Difficile immaginare oggi quel 31 maggio del 1930 quando Clint Eastwood veniva al mondo, sicuramente senza cappello da cowboy e il mezzo sigaro tra le labbra.
Sappiamo però che il giorno della sua nascita, le infermiere dell’ospedale lo soprannominarono “Samson” per il suo peso spropositato: pesava 5 chili e 200 grammi, e che nacque con tutte le passioni al proprio posto, coltivate e messe all’opera per una vita intera.

Un carattere timido e schivo, una gioventù tra tanti mestieri per aiutare la famiglia e poi una carriera artistica sfolgorante, una vita sentimentale abbastanza movimentata, e l’amore per il jazz (Che condivide con suo figlio Kyle), come leit motiv di una esistenza piena di traguardi sognati e raggiunti.
Icona con quel suo sguardo da bello ed impossibile, mito del cinema a cavallo di due secoli, produttore e regista sopraffino (anche di se stesso) con uno sguardo critico sul presente, quando l’uomo viene messo alla prova, e poi nella condizione di poter cambiare, o perdersi o morire, ma attraverso la visione di scelte consapevoli, soffiando su personaggi apparentemente ordinari in situazioni straordinarie.

A 90 anni nutre preoccupazione sulle sorti del mondo, ma ammette di riuscire ancora ad essere ottimista.

C’è tutto un mondo, una intera vita e una straordinaria carriera tra gli anni in cui Sergio Leone lo scelse come protagonista della trilogia del dollaro con le pellicole Per un pugno di dollariPer qualche dollaro in più e Il buono, il brutto, il cattivo, capostipite del genere spaghetti-western di cui Eastwood divenne l’interprete principale, col ruolo del freddo Uomo senza nome, e i giorni nostri in cui è lui a scegliere gli attori, le storie, i finali, cosa raccontare e come.

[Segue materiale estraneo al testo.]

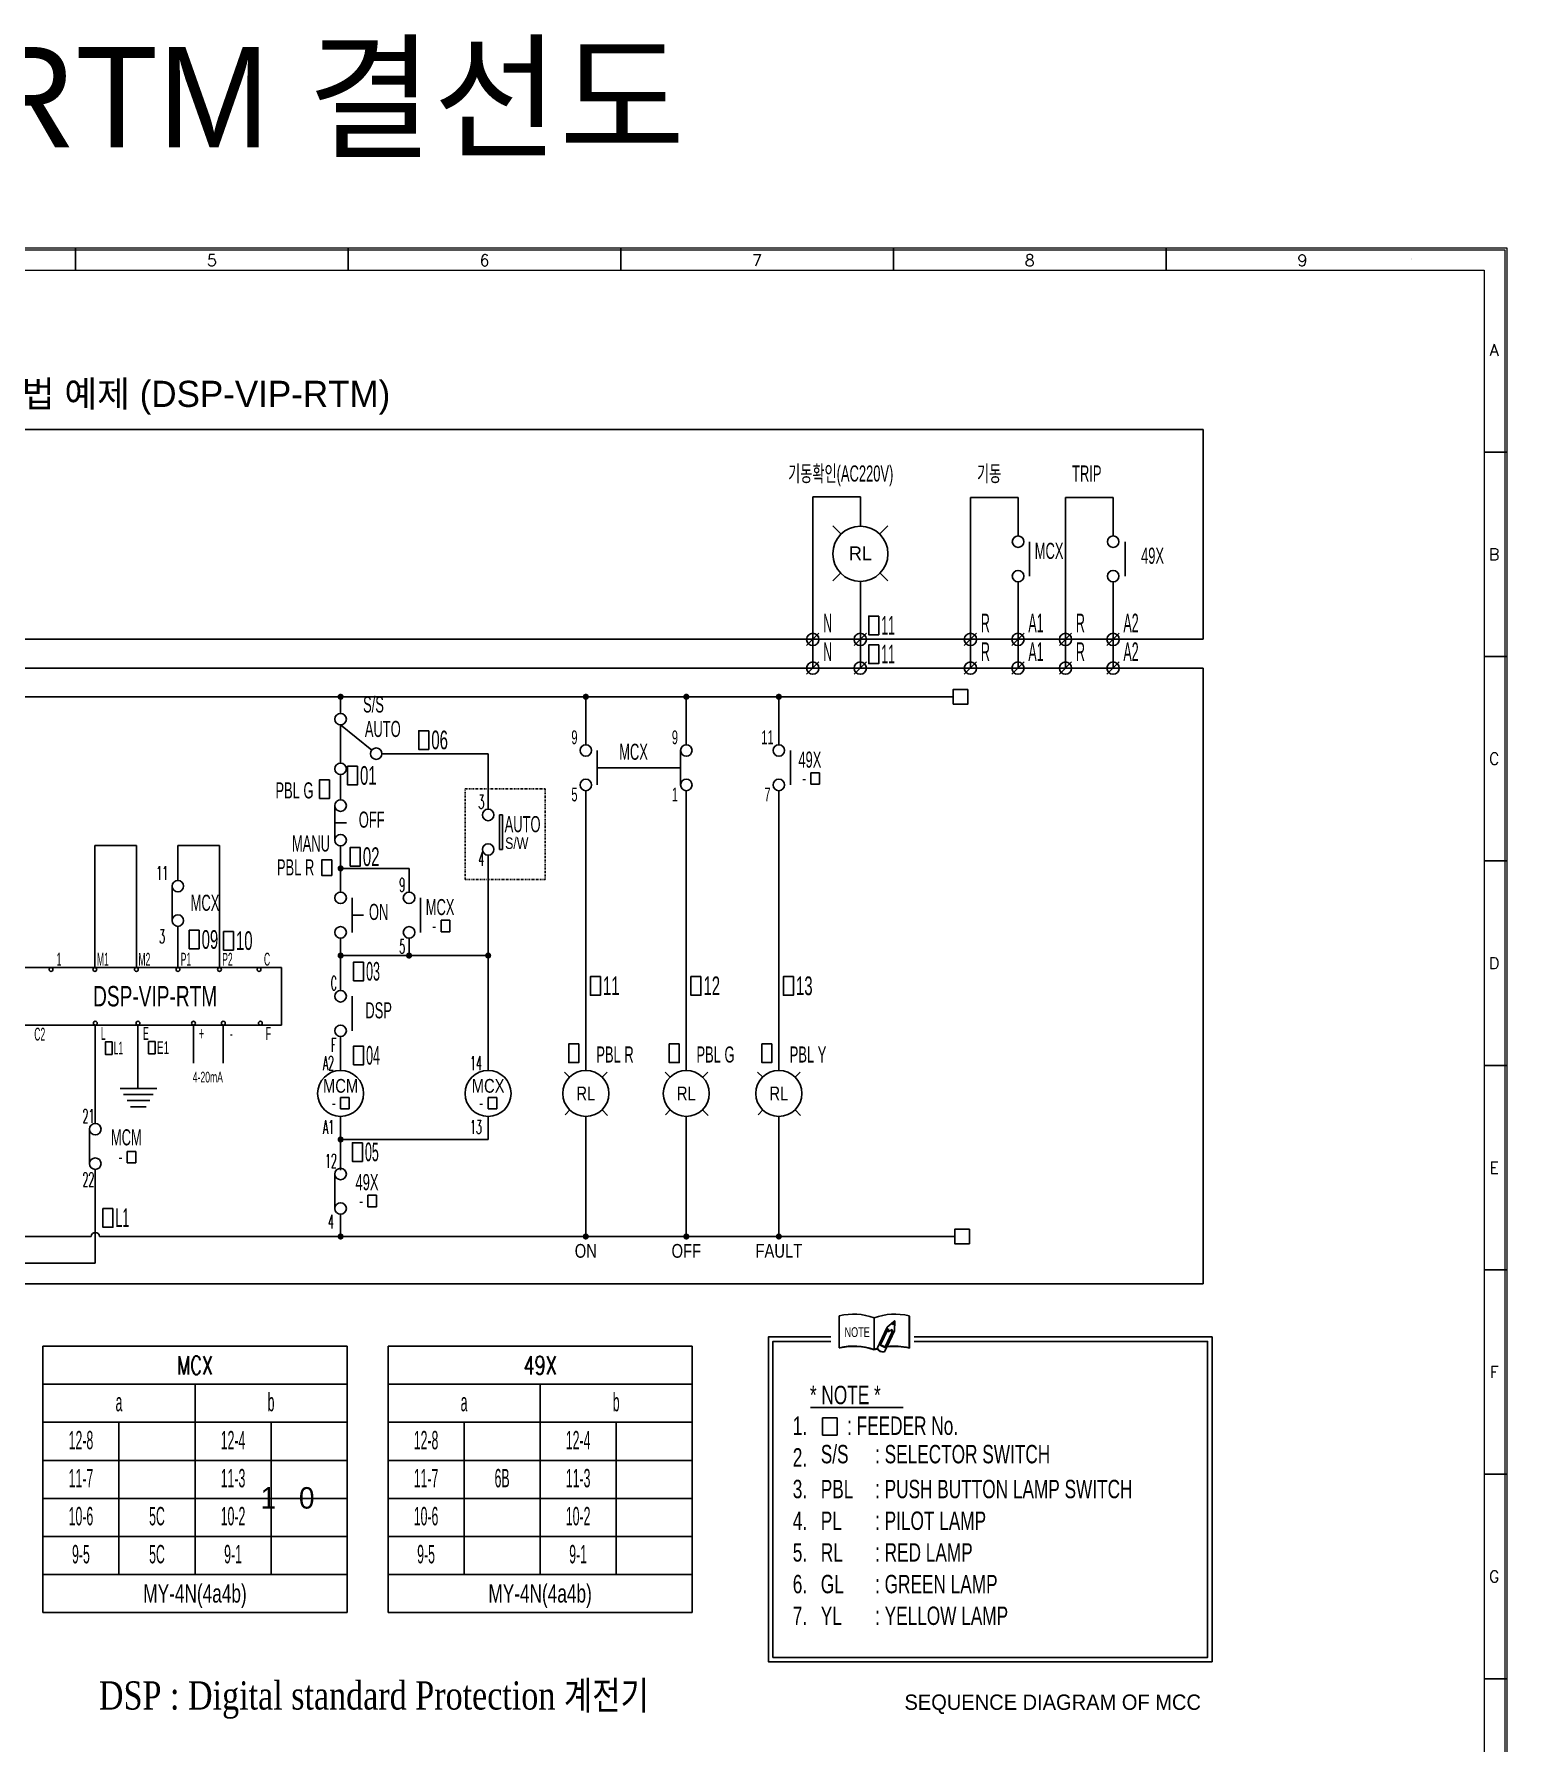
# Model space of a CAD drawing. Header units: millimetres. Extents: x 107 to 2900, y 85 to 3996.
# Drawn here: x 437 to 869, y 3495 to 3996 of the extents above; entities that cross this region are included whole.
import ezdxf
from ezdxf.enums import TextEntityAlignment as Align
from ezdxf.lldxf.tags import DXFTag

# ---------------------------------------------------------------- set-up
doc = ezdxf.new("R2010")
doc.units = ezdxf.units.MM
for name, pattern in [('A1', [0.7, 0.5, -0.1, 0, -0.1]), ('DASHDOT', [1, 0.5, -0.25, 0, -0.25]), ('PHANTOM2', [1.25, 0.625, -0.125, 0.125, -0.125, 0.125, -0.125])]:
    doc.linetypes.add(name, pattern=pattern)
for name, color, linetype in [('1', 1, 'CENTER'), ('10', 1, 'Continuous'), ('20', 2, 'Continuous'), ('30', 3, 'Continuous'), ('70', 7, 'Continuous'), ('ASHADE', 7, 'Continuous'), ('LL', 7, 'Continuous'), ('RED', 1, 'Continuous'), ('TB', 6, 'Continuous'), ('TBOX', 5, 'PHANTOM2'), ('TEXT', 6, 'Continuous')]:
    doc.layers.add(name, color=color, linetype=linetype)
doc.styles.add('ghs', font='NGULIM.TTF')
doc.styles.add('ROMANS', font='ROMANS.shx', dxfattribs={"width": 0.7})
doc.styles.add('SIMPLEX', font='SIMPLEX')
doc.styles.add('SS', font='batang.ttc', dxfattribs={"width": 0.8})
doc.styles.get("Standard").update_dxf_attribs({"font": 'BareunDotumPro1.ttf'})
doc.styles.add('엑스포', font='gulim.ttc')
tags = doc.linetypes.add('CENTER', pattern=[2, 1.25, -0.25, 0.25, -0.25]).pattern_tags.tags
tags[10:11] = [DXFTag(74, 4), DXFTag(75, 0), DXFTag(340, '0'), DXFTag(46, 1.0), DXFTag(50, 0.0), DXFTag(44, 0.0), DXFTag(45, 0.0)]
tags[8:9] = [DXFTag(74, 4), DXFTag(75, 0), DXFTag(340, '0'), DXFTag(46, 1.0), DXFTag(50, 0.0), DXFTag(44, 0.0), DXFTag(45, 0.0)]
tags[6:7] = [DXFTag(74, 4), DXFTag(75, 0), DXFTag(340, '0'), DXFTag(46, 1.0), DXFTag(50, 0.0), DXFTag(44, 0.0), DXFTag(45, 0.0)]
tags[4:5] = [DXFTag(74, 4), DXFTag(75, 0), DXFTag(340, '0'), DXFTag(46, 1.0), DXFTag(50, 0.0), DXFTag(44, 0.0), DXFTag(45, 0.0)]
tags = doc.linetypes.add('HIDDEN', pattern=[0.375, 0.25, -0.125]).pattern_tags.tags
tags[6:7] = [DXFTag(74, 4), DXFTag(75, 0), DXFTag(340, '0'), DXFTag(46, 1.0), DXFTag(50, 0.0), DXFTag(44, 0.0), DXFTag(45, 0.0)]
tags[4:5] = [DXFTag(74, 4), DXFTag(75, 0), DXFTag(340, '0'), DXFTag(46, 1.0), DXFTag(50, 0.0), DXFTag(44, 0.0), DXFTag(45, 0.0)]

# ---------------------------------------------------------------- blocks, each defined once
blk = doc.blocks.new('TB')
at = {"color": 1, "linetype": 'Continuous'}
blk.add_line((-1, -1), (1, 1), dxfattribs=at)
blk.add_circle((0, 0), 1, dxfattribs=at)

msp = doc.modelspace()

# ---------------------------------------------------------------- linework, layer by layer
at = {"color": 0}
for p, q in [((679.58, 3860.668), (665.634, 3860.668)), ((665.634, 3810.437), (665.634, 3860.668)), ((679.58, 3852.06), (679.58, 3860.668)), ((725.854, 3860.515), (711.907, 3860.515)), ((711.907, 3810.437), (711.907, 3860.515)), ((725.854, 3849.206), (725.854, 3860.515)), ((739.8, 3810.437), (739.8, 3860.515)), ((753.746, 3860.515), (739.8, 3860.515)), ((753.746, 3849.206), (753.746, 3860.515)), ((729.229, 3847.519), (729.229, 3837.394)), ((757.316, 3847.519), (757.316, 3837.394)), ((679.58, 3810.437), (679.58, 3835.86)), ((725.854, 3810.437), (725.854, 3835.706)), ((753.746, 3810.437), (753.746, 3835.706)), ((398.806, 3802), (706.822, 3802)), ((527.044, 3802), (527.044, 3797.106)), ((599.002, 3802), (599.002, 3787.937)), ((628.497, 3802), (628.497, 3787.937)), ((655.646, 3802), (655.646, 3787.937)), ((527.044, 3793.731), (527.044, 3791.131)), ((539.191, 3785.293), (570.336, 3785.293)), ((570.336, 3785.293), (570.336, 3769.007)), ((602.377, 3786.25), (602.377, 3776.125)), ((626.81, 3786.25), (626.81, 3776.125)), ((659.021, 3786.25), (659.021, 3776.125)), ((527.044, 3779.18), (527.044, 3771.743)), ((599.002, 3774.437), (599.002, 3692.318)), ((628.497, 3774.437), (628.497, 3692.318)), ((655.646, 3774.437), (655.646, 3692.318)), ((525.357, 3770.055), (525.357, 3759.93)), ((573.711, 3767.319), (573.711, 3757.194)), ((573.711, 3767.319), (574.557, 3767.319)), ((574.557, 3767.319), (574.557, 3757.194)), ((525.357, 3764.993), (528.732, 3764.993)), ((454.933, 3758.338), (454.933, 3722.518)), ((454.933, 3758.338), (467.119, 3758.338)), ((467.119, 3758.338), (467.119, 3722.518)), ((479.305, 3758.338), (479.305, 3748.12)), ((479.305, 3758.338), (491.491, 3758.338)), ((491.491, 3758.338), (491.491, 3722.518)), ((527.044, 3758.243), (527.044, 3744.66)), ((573.711, 3757.194), (574.557, 3757.194)), ((527.044, 3751.636), (547.135, 3751.636)), ((547.135, 3751.636), (547.135, 3744.66)), ((570.336, 3726.041), (570.336, 3755.507)), ((477.576, 3746.433), (477.576, 3736.308)), ((530.419, 3742.972), (530.419, 3732.847)), ((550.51, 3742.972), (550.51, 3732.847)), ((530.419, 3737.91), (533.794, 3737.91)), ((479.305, 3734.62), (479.305, 3722.518)), ((485.511, 3733.455), (482.578, 3733.455)), ((482.578, 3733.455), (482.578, 3727.979)), ((485.511, 3727.979), (485.511, 3733.455)), ((495.582, 3733.117), (492.649, 3733.117)), ((492.649, 3733.117), (492.649, 3727.641)), ((495.582, 3727.641), (495.582, 3733.117)), ((527.04, 3731.16), (527.04, 3720.092)), ((547.135, 3726.159), (547.135, 3731.16)), ((482.578, 3727.979), (485.511, 3727.979)), ((492.649, 3727.641), (495.582, 3727.641)), ((399.691, 3722.518), (509.676, 3722.518)), ((509.676, 3722.518), (509.676, 3705.643)), ((527.044, 3726.041), (570.336, 3726.041)), ((527.044, 3726.041), (527.044, 3715.785)), ((570.336, 3726.041), (570.336, 3692.318)), ((530.419, 3714.098), (530.419, 3703.973)), ((509.676, 3705.643), (399.691, 3705.643)), ((455.052, 3676.783), (455.052, 3705.643)), ((467.577, 3705.643), (467.577, 3687.056)), ((483.87, 3705.643), (483.87, 3694.46)), ((492.627, 3705.643), (492.627, 3694.46)), ((527.044, 3702.285), (527.044, 3692.318)), ((472.637, 3700.806), (470.681, 3700.806)), ((470.681, 3700.806), (470.681, 3697.155)), ((470.681, 3697.155), (472.637, 3697.155)), ((472.637, 3697.155), (472.637, 3700.806)), ((594.26, 3690.375), (592.777, 3691.857)), ((603.809, 3690.31), (605.292, 3691.793)), ((623.755, 3690.375), (622.272, 3691.857)), ((633.304, 3690.31), (634.787, 3691.793)), ((650.903, 3690.375), (649.421, 3691.857)), ((660.453, 3690.31), (661.936, 3691.793)), ((527.044, 3678.818), (527.044, 3663.051)), ((527.044, 3678.818), (527.044, 3672.068)), ((570.336, 3678.818), (570.336, 3672.057)), ((570.336, 3678.818), (570.336, 3672.057)), ((592.906, 3679.343), (594.389, 3680.826)), ((599.002, 3678.818), (599.002, 3643.584)), ((605.364, 3679.144), (603.882, 3680.627)), ((622.401, 3679.343), (623.884, 3680.826)), ((628.497, 3678.818), (628.497, 3643.584)), ((634.86, 3679.144), (633.377, 3680.627)), ((649.55, 3679.343), (651.033, 3680.826)), ((655.646, 3678.818), (655.646, 3643.584)), ((662.008, 3679.144), (660.525, 3680.627)), ((453.365, 3675.095), (453.365, 3664.97)), ((570.336, 3672.057), (527.044, 3672.057)), ((455.052, 3663.283), (455.052, 3635.788)), ((525.357, 3661.926), (525.357, 3651.801)), ((527.044, 3643.584), (527.044, 3650.114)), ((379.448, 3643.584), (453.861, 3643.584)), ((456.244, 3643.584), (707.271, 3643.584)), ((269.251, 3635.788), (455.052, 3635.788)), ((673.393, 3620.297), (673.393, 3610.943)), ((687.44, 3616.95), (685.185, 3612.186)), ((687.592, 3616.253), (685.492, 3611.82)), ((689.559, 3615.947), (687.303, 3611.183)), ((689.585, 3615.935), (687.329, 3611.171)), ((687.44, 3616.95), (687.351, 3616.012)), ((687.351, 3616.012), (687.869, 3616.53)), ((689.613, 3615.921), (687.358, 3611.157)), ((687.367, 3611.317), (689.559, 3615.947)), ((687.421, 3611.291), (689.613, 3615.921)), ((687.44, 3616.95), (689.651, 3618.88)), ((687.869, 3616.53), (687.757, 3615.602)), ((687.757, 3615.602), (688.922, 3616.305)), ((688.776, 3618.116), (689.651, 3618.88)), ((688.793, 3618.131), (689.615, 3617.742)), ((688.922, 3616.305), (688.808, 3615.431)), ((688.808, 3615.431), (689.559, 3615.947)), ((688.824, 3618.05), (689.516, 3617.722)), ((688.843, 3618.174), (689.617, 3617.808)), ((689.559, 3615.947), (688.845, 3615.457)), ((688.892, 3618.218), (689.619, 3617.874)), ((688.942, 3618.261), (689.621, 3617.939)), ((688.944, 3617.926), (689.345, 3617.736)), ((688.992, 3618.304), (689.623, 3618.005)), ((689.041, 3618.348), (689.625, 3618.071)), ((689.091, 3618.391), (689.628, 3618.137)), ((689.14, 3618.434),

Clint Eastwood si porta dietro come bagaglio un curriculum stracolmo di ruoli ben fatti ma ad oggi è un raccontastorie, racconta storie americane, ma non fa film all’Americana, storie in cui la condizione umana è messa alla prova, si confronta con le regole, con la possibilità di scegliere, con i valori sacri della vita, con processi fondamentali come la perseveranza, la solitudine, i sentimenti,  il senso spesso traumatico dell’esistenza, il dolore e la fedeltà non all’altro ma a sé stesso e ai propri desideri. Il tutto dentro l’azione, il rischio, la resistenza.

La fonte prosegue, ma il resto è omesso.